Just like this blog, we can make some things without much software around them. That makes me wonder: why do we need all this software to do what we want?
Of course not everything can just be a prompt. Some tools still need structure, controls, and a visible interface. But more software can be prompt-based than most people assume.
Sometimes a chat is enough
Some software can be a chat. You describe what you want, the system looks at the current state, and then it makes or changes the thing for you.
That is already how this blog works. I write ideas in chat, the agent turns them into HTML and CSS, and then the files become the site. The interface is not a big dashboard. The interface is the conversation.
The same idea can apply to other small tools. A todo list could work this way. A weblog like this can work this way. A little personal wiki can work this way too, a bit like the Karpathy LLM wiki idea.
Start with something small and change it later
One thing I like about this approach is that you do not have to fully design the structure up front. We can start with some design, fill it with blog posts based on your ideas, and then adjust the structure as we learn what we actually want.
That feels very different from traditional software. Usually you build a system, and then you are stuck inside the structure you created. Menus, fields, templates, and workflows all start to harden into place.

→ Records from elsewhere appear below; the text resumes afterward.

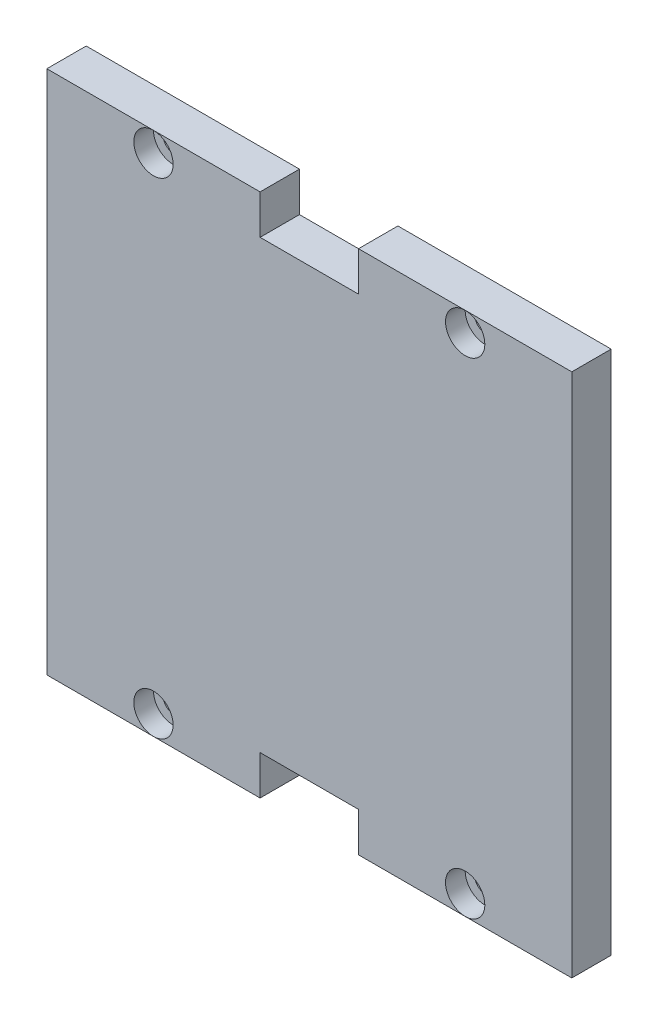
ISO-10303-21;
HEADER;
FILE_DESCRIPTION(('STEP AP214'),'2;1');
FILE_NAME('part.step','',(''),(''),'','','');
FILE_SCHEMA(('AUTOMOTIVE_DESIGN { 1 0 10303 214 1 1 1 1 }'));
ENDSEC;
DATA;
#1=APPLICATION_CONTEXT('core data for automotive mechanical design processes');
#2=APPLICATION_PROTOCOL_DEFINITION('international standard','automotive_design',2000,#1);
#3=PRODUCT_CONTEXT('',#1,'mechanical');
#4=PRODUCT('Part','Part','',(#3));
#5=PRODUCT_RELATED_PRODUCT_CATEGORY('part','',(#4));
#6=PRODUCT_DEFINITION_FORMATION('','',#4);
#7=PRODUCT_DEFINITION_CONTEXT('part definition',#1,'design');
#8=PRODUCT_DEFINITION('design','',#6,#7);
#9=PRODUCT_DEFINITION_SHAPE('','',#8);
#10=(LENGTH_UNIT() NAMED_UNIT(*) SI_UNIT(.MILLI.,.METRE.));
#11=(NAMED_UNIT(*) PLANE_ANGLE_UNIT() SI_UNIT($,.RADIAN.));
#12=(NAMED_UNIT(*) SI_UNIT($,.STERADIAN.) SOLID_ANGLE_UNIT());
#13=UNCERTAINTY_MEASURE_WITH_UNIT(LENGTH_MEASURE(1.E-05),#10,'distance_accuracy_value','');
#14=(GEOMETRIC_REPRESENTATION_CONTEXT(3) GLOBAL_UNCERTAINTY_ASSIGNED_CONTEXT((#13)) GLOBAL_UNIT_ASSIGNED_CONTEXT((#10,
#11,#12)) REPRESENTATION_CONTEXT('',''));
#15=CARTESIAN_POINT('',(0.,0.,0.));
#16=DIRECTION('',(0.,0.,1.));
#17=DIRECTION('',(1.,0.,0.));
#18=AXIS2_PLACEMENT_3D('',#15,#16,#17);
#19=CARTESIAN_POINT('',(-63.75,77.,0.));
#20=DIRECTION('',(0.,0.,1.));
#21=DIRECTION('',(1.,0.,0.));
#22=AXIS2_PLACEMENT_3D('',#19,#20,#21);
#23=CYLINDRICAL_SURFACE('',#22,1.5);
#24=CARTESIAN_POINT('',(-63.75,77.,0.));
#25=DIRECTION('',(0.,0.,1.));
#26=DIRECTION('',(-1.,0.,0.));
#27=AXIS2_PLACEMENT_3D('',#24,#25,#26);
#28=CIRCLE('',#27,1.5);
#29=CARTESIAN_POINT('',(-65.25,77.,0.));
#30=VERTEX_POINT('',#29);
#31=EDGE_CURVE('E259',#30,#30,#28,.T.);
#32=ORIENTED_EDGE('',*,*,#31,.F.);
#33=EDGE_LOOP('',(#32));
#34=FACE_BOUND('',#33,.T.);
#35=CARTESIAN_POINT('',(-63.75,77.,3.));
#36=DIRECTION('',(0.,0.,1.));
#37=DIRECTION('',(1.,0.,0.));
#38=AXIS2_PLACEMENT_3D('',#35,#36,#37);
#39=CIRCLE('',#38,1.5);
#40=CARTESIAN_POINT('',(-62.25,77.,3.));
#41=VERTEX_POINT('',#40);
#42=EDGE_CURVE('E39',#41,#41,#39,.F.);
#43=ORIENTED_EDGE('',*,*,#42,.F.);
#44=EDGE_LOOP('',(#43));
#45=FACE_BOUND('',#44,.T.);
#46=ADVANCED_FACE('F35',(#34,#45),#23,.F.);
#47=CARTESIAN_POINT('',(-16.25,77.,0.));
#48=DIRECTION('',(0.,0.,1.));
#49=DIRECTION('',(1.,0.,0.));
#50=AXIS2_PLACEMENT_3D('',#47,#48,#49);
#51=CYLINDRICAL_SURFACE('',#50,1.50000000000001);
#52=CARTESIAN_POINT('',(-16.25,77.,0.));
#53=DIRECTION('',(0.,0.,1.));
#54=DIRECTION('',(-1.,0.,0.));
#55=AXIS2_PLACEMENT_3D('',#52,#53,#54);
#56=CIRCLE('',#55,1.50000000000001);
#57=CARTESIAN_POINT('',(-17.75,77.,0.));
#58=VERTEX_POINT('',#57);
#59=EDGE_CURVE('E224',#58,#58,#56,.T.);
#60=ORIENTED_EDGE('',*,*,#59,.F.);
#61=EDGE_LOOP('',(#60));
#62=FACE_BOUND('',#61,.T.);
#63=CARTESIAN_POINT('',(-16.25,77.,3.));
#64=DIRECTION('',(0.,0.,1.));
#65=DIRECTION('',(1.,0.,0.));
#66=AXIS2_PLACEMENT_3D('',#63,#64,#65);
#67=CIRCLE('',#66,1.50000000000001);
#68=CARTESIAN_POINT('',(-14.75,77.,3.));
#69=VERTEX_POINT('',#68);
#70=EDGE_CURVE('E230',#69,#69,#67,.F.);
#71=ORIENTED_EDGE('',*,*,#70,.F.);
#72=EDGE_LOOP('',(#71));
#73=FACE_BOUND('',#72,.T.);
#74=ADVANCED_FACE('F292',(#62,#73),#51,.F.);
#75=CARTESIAN_POINT('',(-63.75,2.99999999999999,0.));
#76=DIRECTION('',(0.,0.,1.));
#77=DIRECTION('',(1.,0.,0.));
#78=AXIS2_PLACEMENT_3D('',#75,#76,#77);
#79=CYLINDRICAL_SURFACE('',#78,1.5);
#80=CARTESIAN_POINT('',(-63.75,2.99999999999999,0.));
#81=DIRECTION('',(0.,0.,1.));
#82=DIRECTION('',(1.,0.,0.));
#83=AXIS2_PLACEMENT_3D('',#80,#81,#82);
#84=CIRCLE('',#83,1.5);
#85=CARTESIAN_POINT('',(-62.25,2.99999999999999,0.));
#86=VERTEX_POINT('',#85);
#87=EDGE_CURVE('E257',#86,#86,#84,.T.);
#88=ORIENTED_EDGE('',*,*,#87,.F.);
#89=EDGE_LOOP('',(#88));
#90=FACE_BOUND('',#89,.T.);
#91=CARTESIAN_POINT('',(-63.75,2.99999999999999,3.));
#92=DIRECTION('',(0.,0.,1.));
#93=DIRECTION('',(1.,0.,0.));
#94=AXIS2_PLACEMENT_3D('',#91,#92,#93);
#95=CIRCLE('',#94,1.5);
#96=CARTESIAN_POINT('',(-62.25,2.99999999999999,3.));
#97=VERTEX_POINT('',#96);
#98=EDGE_CURVE('E226',#97,#97,#95,.F.);
#99=ORIENTED_EDGE('',*,*,#98,.F.);
#100=EDGE_LOOP('',(#99));
#101=FACE_BOUND('',#100,.T.);
#102=ADVANCED_FACE('F271',(#90,#101),#79,.F.);
#103=CARTESIAN_POINT('',(-16.25,2.99999999999998,0.));
#104=DIRECTION('',(0.,0.,1.));
#105=DIRECTION('',(1.,0.,0.));
#106=AXIS2_PLACEMENT_3D('',#103,#104,#105);
#107=CYLINDRICAL_SURFACE('',#106,1.5);
#108=CARTESIAN_POINT('',(-16.25,2.99999999999998,0.));
#109=DIRECTION('',(0.,0.,1.));
#110=DIRECTION('',(1.,0.,0.));
#111=AXIS2_PLACEMENT_3D('',#108,#109,#110);
#112=CIRCLE('',#111,1.5);
#113=CARTESIAN_POINT('',(-14.75,2.99999999999998,0.));
#114=VERTEX_POINT('',#113);
#115=EDGE_CURVE('E152',#114,#114,#112,.T.);
#116=ORIENTED_EDGE('',*,*,#115,.F.);
#117=EDGE_LOOP('',(#116));
#118=FACE_BOUND('',#117,.T.);
#119=CARTESIAN_POINT('',(-16.25,2.99999999999998,3.));
#120=DIRECTION('',(0.,0.,1.));
#121=DIRECTION('',(1.,0.,0.));
#122=AXIS2_PLACEMENT_3D('',#119,#120,#121);
#123=CIRCLE('',#122,1.5);
#124=CARTESIAN_POINT('',(-14.75,2.99999999999998,3.));
#125=VERTEX_POINT('',#124);
#126=EDGE_CURVE('E221',#125,#125,#123,.F.);
#127=ORIENTED_EDGE('',*,*,#126,.F.);
#128=EDGE_LOOP('',(#127));
#129=FACE_BOUND('',#128,.T.);
#130=ADVANCED_FACE('F267',(#118,#129),#107,.F.);
#131=CARTESIAN_POINT('',(0.,80.,6.));
#132=DIRECTION('',(0.,-1.,0.));
#133=DIRECTION('',(1.,0.,0.));
#134=AXIS2_PLACEMENT_3D('',#131,#132,#133);
#135=PLANE('',#134);
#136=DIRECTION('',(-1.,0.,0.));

With prompt-based software, the structure can stay softer. We can change the page layout, add a section, rename a piece of navigation, reshape an archive, or turn a rough note into a finished post. The software does not have to stay fixed just because the first version existed.
The useful part is flexibility
Typing natural language into a box is the least interesting part. The output can become real working software, or real working content, without a lot of extra machinery.
- Describe a new page and get a new page.
- Ask for a cleaner layout and get updated CSS.
- Change the structure after the site already exists.
- Keep the result simple enough to inspect by hand.
A real example from today
Today I worked on a simple but useful case. There is a calendar with the days people have leave. What we need to know is how many days or hours that adds up to inside the sprint.
Before, I would have said we need to write some kind of software that connects to the official service we use. But now we can start with a prompt: starting today and for the next two weeks, count the hours and days of leave for the people on the calendar that we have.
Then we get a result, adjust it, fix the intermediate steps, and ask for a total. When the formatting and calculation are right, the next step becomes obvious: make a skill.
This is why I keep coming back to prompts first. We do not always need to begin by building software. Sometimes we can do the work in prompts first, then turn it into a reusable tool when the pattern is clear.
Not everything should be a prompt
I do not think every application should turn into a chat window. Some tasks are better with direct manipulation, visible controls, or stable tools that people can learn once and trust.
But there is a big category in the middle: software that mostly exists to help you describe, shape, edit, and reorganize something. That kind of software is a good fit for prompts.
Why I think this matters
Prompt-based software lets you start with intent instead of setup. Instead of learning an application first, you begin with what you want to make. Then the structure can follow.
For personal tools especially, that feels right. We can make software that works how we want, and keep changing it as our needs change, instead of locking ourselves into the first structure we happened to build.